Content starts
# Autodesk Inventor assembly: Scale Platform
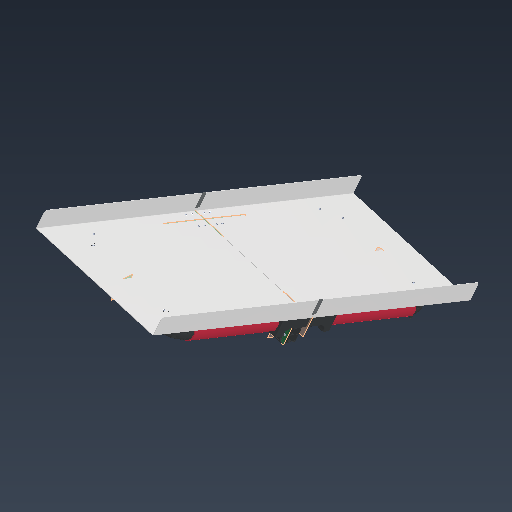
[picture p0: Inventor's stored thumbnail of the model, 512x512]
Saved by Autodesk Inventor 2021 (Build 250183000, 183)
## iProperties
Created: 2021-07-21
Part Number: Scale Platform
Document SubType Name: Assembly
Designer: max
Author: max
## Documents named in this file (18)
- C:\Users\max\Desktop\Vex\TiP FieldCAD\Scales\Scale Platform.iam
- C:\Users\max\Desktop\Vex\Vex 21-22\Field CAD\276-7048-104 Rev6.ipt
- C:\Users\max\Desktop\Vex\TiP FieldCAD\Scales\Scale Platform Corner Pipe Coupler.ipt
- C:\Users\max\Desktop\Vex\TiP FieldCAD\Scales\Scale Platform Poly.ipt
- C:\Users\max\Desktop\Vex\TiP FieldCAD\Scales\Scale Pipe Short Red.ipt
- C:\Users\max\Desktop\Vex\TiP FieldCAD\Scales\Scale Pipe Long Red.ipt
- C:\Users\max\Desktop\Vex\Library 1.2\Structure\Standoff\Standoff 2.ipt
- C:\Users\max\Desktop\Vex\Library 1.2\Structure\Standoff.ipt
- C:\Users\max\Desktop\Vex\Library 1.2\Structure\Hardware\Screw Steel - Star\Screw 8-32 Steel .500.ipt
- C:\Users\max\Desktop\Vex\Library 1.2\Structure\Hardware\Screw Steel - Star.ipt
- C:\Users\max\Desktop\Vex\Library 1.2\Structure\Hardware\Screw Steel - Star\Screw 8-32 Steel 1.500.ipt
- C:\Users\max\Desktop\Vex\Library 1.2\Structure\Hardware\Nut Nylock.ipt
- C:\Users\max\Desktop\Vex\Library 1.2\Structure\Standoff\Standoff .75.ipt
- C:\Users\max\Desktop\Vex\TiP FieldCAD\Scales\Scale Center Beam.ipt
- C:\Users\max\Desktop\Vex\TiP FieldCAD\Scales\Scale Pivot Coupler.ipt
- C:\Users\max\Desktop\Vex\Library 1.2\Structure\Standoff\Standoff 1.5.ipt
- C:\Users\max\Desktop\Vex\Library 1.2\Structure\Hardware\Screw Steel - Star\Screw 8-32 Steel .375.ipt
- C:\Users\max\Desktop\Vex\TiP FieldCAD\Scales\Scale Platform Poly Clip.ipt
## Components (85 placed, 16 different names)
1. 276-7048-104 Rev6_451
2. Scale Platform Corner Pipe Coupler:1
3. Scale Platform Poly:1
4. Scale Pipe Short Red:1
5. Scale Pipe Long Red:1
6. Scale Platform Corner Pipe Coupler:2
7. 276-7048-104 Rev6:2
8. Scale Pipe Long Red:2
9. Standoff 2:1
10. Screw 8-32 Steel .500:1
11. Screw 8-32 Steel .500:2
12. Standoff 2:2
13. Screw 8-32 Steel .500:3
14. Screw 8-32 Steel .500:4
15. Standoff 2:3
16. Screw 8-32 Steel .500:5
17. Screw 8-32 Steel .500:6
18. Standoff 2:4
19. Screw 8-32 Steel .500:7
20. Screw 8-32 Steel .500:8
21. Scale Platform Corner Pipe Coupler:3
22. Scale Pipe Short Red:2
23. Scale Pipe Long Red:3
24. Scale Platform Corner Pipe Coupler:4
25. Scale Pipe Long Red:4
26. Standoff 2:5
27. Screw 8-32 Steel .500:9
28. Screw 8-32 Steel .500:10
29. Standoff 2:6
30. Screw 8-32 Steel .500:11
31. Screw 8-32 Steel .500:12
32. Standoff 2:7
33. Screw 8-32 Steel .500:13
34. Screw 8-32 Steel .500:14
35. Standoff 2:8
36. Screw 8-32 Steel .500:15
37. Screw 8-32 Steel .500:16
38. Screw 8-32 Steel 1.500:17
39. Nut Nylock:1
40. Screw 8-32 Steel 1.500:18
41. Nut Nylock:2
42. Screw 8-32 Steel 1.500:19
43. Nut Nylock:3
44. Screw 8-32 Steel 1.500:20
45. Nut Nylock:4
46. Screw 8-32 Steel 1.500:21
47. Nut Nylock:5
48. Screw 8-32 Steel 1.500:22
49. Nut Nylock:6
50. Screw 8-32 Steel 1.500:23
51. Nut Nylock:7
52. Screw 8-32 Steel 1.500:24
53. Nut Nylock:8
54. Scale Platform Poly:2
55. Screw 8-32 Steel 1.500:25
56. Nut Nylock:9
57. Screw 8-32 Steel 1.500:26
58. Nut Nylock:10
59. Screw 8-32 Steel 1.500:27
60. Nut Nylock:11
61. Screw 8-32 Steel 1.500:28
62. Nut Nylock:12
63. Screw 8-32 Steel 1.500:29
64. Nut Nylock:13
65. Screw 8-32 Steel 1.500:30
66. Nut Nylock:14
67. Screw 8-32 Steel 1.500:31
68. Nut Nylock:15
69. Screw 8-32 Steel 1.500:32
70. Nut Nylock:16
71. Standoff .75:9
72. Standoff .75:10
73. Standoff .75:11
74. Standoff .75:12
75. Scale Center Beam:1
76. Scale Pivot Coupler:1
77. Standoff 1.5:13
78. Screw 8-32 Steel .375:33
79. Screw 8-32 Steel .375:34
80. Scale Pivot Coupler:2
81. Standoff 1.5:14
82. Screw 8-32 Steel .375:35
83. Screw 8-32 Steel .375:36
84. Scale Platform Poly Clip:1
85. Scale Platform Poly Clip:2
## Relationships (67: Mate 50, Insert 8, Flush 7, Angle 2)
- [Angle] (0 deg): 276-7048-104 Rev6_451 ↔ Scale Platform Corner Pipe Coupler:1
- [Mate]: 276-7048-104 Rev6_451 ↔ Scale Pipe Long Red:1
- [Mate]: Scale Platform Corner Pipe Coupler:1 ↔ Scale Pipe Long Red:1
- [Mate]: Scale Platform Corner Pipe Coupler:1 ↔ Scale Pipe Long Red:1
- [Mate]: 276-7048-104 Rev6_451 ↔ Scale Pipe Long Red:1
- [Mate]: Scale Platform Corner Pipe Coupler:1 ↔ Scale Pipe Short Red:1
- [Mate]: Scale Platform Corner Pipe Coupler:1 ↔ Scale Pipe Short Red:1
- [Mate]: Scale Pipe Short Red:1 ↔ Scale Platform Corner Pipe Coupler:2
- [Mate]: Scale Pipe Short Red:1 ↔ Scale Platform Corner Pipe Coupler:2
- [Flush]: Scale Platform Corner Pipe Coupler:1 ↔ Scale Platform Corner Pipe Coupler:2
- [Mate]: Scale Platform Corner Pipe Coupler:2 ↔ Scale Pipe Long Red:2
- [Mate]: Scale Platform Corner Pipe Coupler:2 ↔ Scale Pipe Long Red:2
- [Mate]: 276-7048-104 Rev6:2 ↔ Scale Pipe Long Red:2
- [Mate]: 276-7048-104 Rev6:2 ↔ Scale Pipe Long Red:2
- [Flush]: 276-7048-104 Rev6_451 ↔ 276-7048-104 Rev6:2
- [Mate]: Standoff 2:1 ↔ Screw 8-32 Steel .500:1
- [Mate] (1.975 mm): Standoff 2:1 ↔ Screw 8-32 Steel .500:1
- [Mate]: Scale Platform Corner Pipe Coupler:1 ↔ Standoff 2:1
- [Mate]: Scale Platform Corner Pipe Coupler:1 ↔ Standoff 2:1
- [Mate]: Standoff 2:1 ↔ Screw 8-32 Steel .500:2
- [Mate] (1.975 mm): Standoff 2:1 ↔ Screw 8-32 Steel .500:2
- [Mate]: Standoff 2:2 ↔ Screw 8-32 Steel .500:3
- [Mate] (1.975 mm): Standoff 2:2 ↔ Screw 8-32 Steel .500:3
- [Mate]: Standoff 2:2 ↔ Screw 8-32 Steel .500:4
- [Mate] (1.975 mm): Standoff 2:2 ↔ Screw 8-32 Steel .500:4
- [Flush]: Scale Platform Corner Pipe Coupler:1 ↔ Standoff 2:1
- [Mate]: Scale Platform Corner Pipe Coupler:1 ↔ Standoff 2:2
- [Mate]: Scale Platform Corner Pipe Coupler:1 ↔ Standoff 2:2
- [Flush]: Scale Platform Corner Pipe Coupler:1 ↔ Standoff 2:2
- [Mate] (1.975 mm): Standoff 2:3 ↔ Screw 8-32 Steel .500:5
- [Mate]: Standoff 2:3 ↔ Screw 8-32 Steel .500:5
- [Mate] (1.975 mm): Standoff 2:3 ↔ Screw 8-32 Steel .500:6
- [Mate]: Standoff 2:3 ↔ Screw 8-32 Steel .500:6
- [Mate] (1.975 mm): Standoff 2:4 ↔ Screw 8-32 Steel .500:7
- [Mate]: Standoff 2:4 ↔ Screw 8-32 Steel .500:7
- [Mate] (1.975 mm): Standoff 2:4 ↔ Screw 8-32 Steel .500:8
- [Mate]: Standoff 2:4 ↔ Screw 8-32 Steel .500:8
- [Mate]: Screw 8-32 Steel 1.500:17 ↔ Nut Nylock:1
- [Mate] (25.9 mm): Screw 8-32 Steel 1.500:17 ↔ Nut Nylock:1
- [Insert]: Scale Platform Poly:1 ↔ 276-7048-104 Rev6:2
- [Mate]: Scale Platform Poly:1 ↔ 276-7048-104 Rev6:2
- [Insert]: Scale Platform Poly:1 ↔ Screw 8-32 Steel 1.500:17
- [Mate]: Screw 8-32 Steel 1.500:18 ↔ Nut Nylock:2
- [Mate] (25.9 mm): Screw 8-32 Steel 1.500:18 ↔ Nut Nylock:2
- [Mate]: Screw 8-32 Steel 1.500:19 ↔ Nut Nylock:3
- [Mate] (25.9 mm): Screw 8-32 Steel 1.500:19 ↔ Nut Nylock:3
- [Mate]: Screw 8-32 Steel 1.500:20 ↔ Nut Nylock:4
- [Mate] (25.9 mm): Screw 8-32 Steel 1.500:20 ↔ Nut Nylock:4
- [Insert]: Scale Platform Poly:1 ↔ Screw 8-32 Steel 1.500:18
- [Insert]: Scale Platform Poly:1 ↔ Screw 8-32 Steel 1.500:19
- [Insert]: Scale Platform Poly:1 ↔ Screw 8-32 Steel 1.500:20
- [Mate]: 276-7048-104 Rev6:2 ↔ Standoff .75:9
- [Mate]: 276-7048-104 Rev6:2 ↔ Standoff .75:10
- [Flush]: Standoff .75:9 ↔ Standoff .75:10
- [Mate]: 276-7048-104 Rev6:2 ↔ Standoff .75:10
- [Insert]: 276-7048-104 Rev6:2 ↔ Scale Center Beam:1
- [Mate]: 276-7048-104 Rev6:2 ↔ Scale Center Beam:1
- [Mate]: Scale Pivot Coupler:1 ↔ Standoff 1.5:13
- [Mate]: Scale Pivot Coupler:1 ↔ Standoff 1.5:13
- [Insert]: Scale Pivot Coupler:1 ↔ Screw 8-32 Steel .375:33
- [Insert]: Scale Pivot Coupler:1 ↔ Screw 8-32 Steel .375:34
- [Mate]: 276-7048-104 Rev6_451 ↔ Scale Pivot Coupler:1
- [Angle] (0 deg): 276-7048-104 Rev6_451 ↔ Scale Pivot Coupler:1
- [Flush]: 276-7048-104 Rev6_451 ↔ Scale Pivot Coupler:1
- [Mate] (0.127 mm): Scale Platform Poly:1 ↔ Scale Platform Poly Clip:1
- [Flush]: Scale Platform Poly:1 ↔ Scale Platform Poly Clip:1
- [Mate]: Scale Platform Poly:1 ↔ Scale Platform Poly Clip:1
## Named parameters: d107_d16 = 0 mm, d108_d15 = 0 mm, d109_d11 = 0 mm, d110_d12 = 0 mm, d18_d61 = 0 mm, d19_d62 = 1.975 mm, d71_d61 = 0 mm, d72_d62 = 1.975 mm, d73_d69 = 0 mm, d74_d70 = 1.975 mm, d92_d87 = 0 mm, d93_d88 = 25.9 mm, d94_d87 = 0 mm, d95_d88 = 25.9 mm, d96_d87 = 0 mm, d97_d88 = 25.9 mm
Content ends
• [Problem to solve] Every line above in which the word "Autodesk" is present must be copied into the answer.

• [Solution to the exercise]
# Autodesk Inventor assembly: Scale Platform
Saved by Autodesk Inventor 2021 (Build 250183000, 183)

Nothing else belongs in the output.